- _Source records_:
########################################

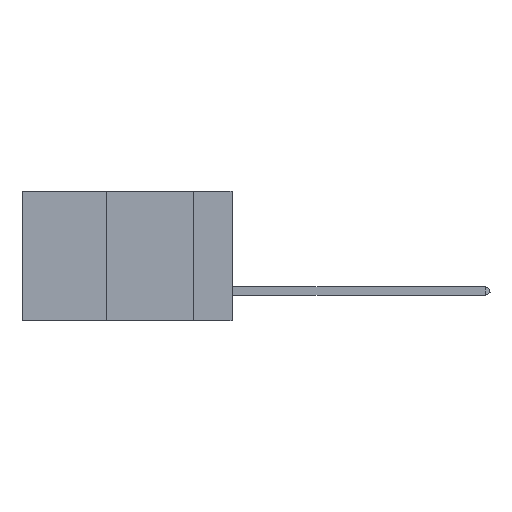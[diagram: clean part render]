
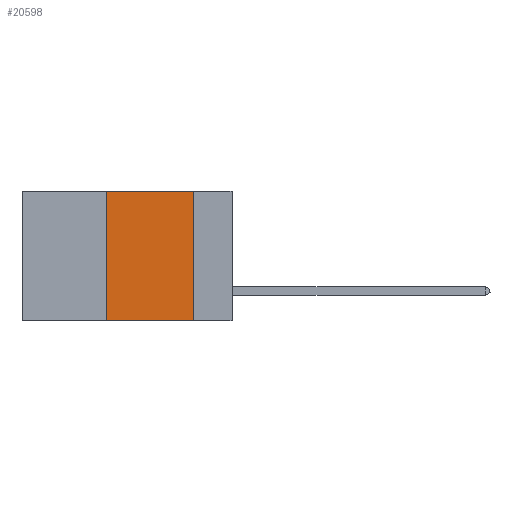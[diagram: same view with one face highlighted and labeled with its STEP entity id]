
A CAD part, left-side view. The second image highlights one B-rep face of the part: STEP entity #20598.
In plain terms, the highlighted planar face has unit normal (-1, 0, 0).
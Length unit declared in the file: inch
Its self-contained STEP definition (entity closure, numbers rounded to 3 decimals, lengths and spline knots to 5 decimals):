
#375 = EDGE_CURVE ( 'NONE', #11693, #7635, #15717, .T. ) ;
#1195 = VECTOR ( 'NONE', #12518, 39.37008 ) ;
#1475 = DIRECTION ( 'NONE',  ( 0., -1., 0. ) ) ;
#1670 = CARTESIAN_POINT ( 'NONE',  ( 0., 0.11, 0. ) ) ;
#2133 = AXIS2_PLACEMENT_3D ( 'NONE', #9626, #6114, #7963 ) ;
#2954 = ORIENTED_EDGE ( 'NONE', *, *, #11101, .F. ) ;
#3865 = LINE ( 'NONE', #15647, #1195 ) ;
#4557 = DIRECTION ( 'NONE',  ( 0., -1., 0. ) ) ;
#4754 = VECTOR ( 'NONE', #1475, 39.37008 ) ;
#5796 = VERTEX_POINT ( 'NONE', #6778 ) ;
#6023 = CARTESIAN_POINT ( 'NONE',  ( 0., 0.36, -0.37 ) ) ;
#6114 = DIRECTION ( 'NONE',  ( 1., 0., 0. ) ) ;
#6778 = CARTESIAN_POINT ( 'NONE',  ( 0., 0.11, -0.37 ) ) ;
#6929 = VECTOR ( 'NONE', #20987, 39.37008 ) ;
#7635 = VERTEX_POINT ( 'NONE', #1670 ) ;
#7963 = DIRECTION ( 'NONE',  ( 0., 0., -1. ) ) ;
#8004 = CARTESIAN_POINT ( 'NONE',  ( 0., 0.6, -0.37 ) ) ;
#9626 = CARTESIAN_POINT ( 'NONE',  ( 0., 0.6, 0. ) ) ;
#10231 = LINE ( 'NONE', #22505, #6929 ) ;
#10410 = FACE_OUTER_BOUND ( 'NONE', #13640, .T. ) ;
#10853 = ORIENTED_EDGE ( 'NONE', *, *, #17225, .F. ) ;
#11101 = EDGE_CURVE ( 'NONE', #7635, #5796, #3865, .T. ) ;
#11190 = ORIENTED_EDGE ( 'NONE', *, *, #15985, .T. ) ;
#11482 = PLANE ( 'NONE',  #2133 ) ;
#11693 = VERTEX_POINT ( 'NONE', #13344 ) ;
#12518 = DIRECTION ( 'NONE',  ( 0., 0., -1. ) ) ;
#13344 = CARTESIAN_POINT ( 'NONE',  ( 0., 0.36, 0. ) ) ;
#13640 = EDGE_LOOP ( 'NONE', ( #2954, #15638, #10853, #11190 ) ) ;
#14110 = VECTOR ( 'NONE', #4557, 39.37008 ) ;
#14771 = VERTEX_POINT ( 'NONE', #6023 ) ;
#15638 = ORIENTED_EDGE ( 'NONE', *, *, #375, .F. ) ;
#15647 = CARTESIAN_POINT ( 'NONE',  ( 0., 0.11, 0. ) ) ;
#15717 = LINE ( 'NONE', #17273, #4754 ) ;
#15985 = EDGE_CURVE ( 'NONE', #14771, #5796, #17364, .T. ) ;
#17225 = EDGE_CURVE ( 'NONE', #14771, #11693, #10231, .T. ) ;
#17273 = CARTESIAN_POINT ( 'NONE',  ( 0., 0.6, 0. ) ) ;
#17364 = LINE ( 'NONE', #8004, #14110 ) ;
#20598 = ADVANCED_FACE ( 'NONE', ( #10410 ), #11482, .F. ) ;
#20987 = DIRECTION ( 'NONE',  ( 0., 0., 1. ) ) ;
#22505 = CARTESIAN_POINT ( 'NONE',  ( 0., 0.36, 0. ) ) ;

########################################

- _Work item_: Only exact lines belong in the answer: those from the beginning of the entries above through the line holding "#375 = EDGE_CURVE", with no pictures.

- _Answer below_:
[diagram: clean part render]
[diagram: same view with one face highlighted and labeled with its STEP entity id]
A CAD part, left-side view. The second image highlights one B-rep face of the part: STEP entity #20598.
In plain terms, the highlighted planar face has unit normal (-1, 0, 0).
Length unit declared in the file: inch
Its self-contained STEP definition (entity closure, numbers rounded to 3 decimals, lengths and spline knots to 5 decimals):
#375 = EDGE_CURVE ( 'NONE', #11693, #7635, #15717, .T. ) ;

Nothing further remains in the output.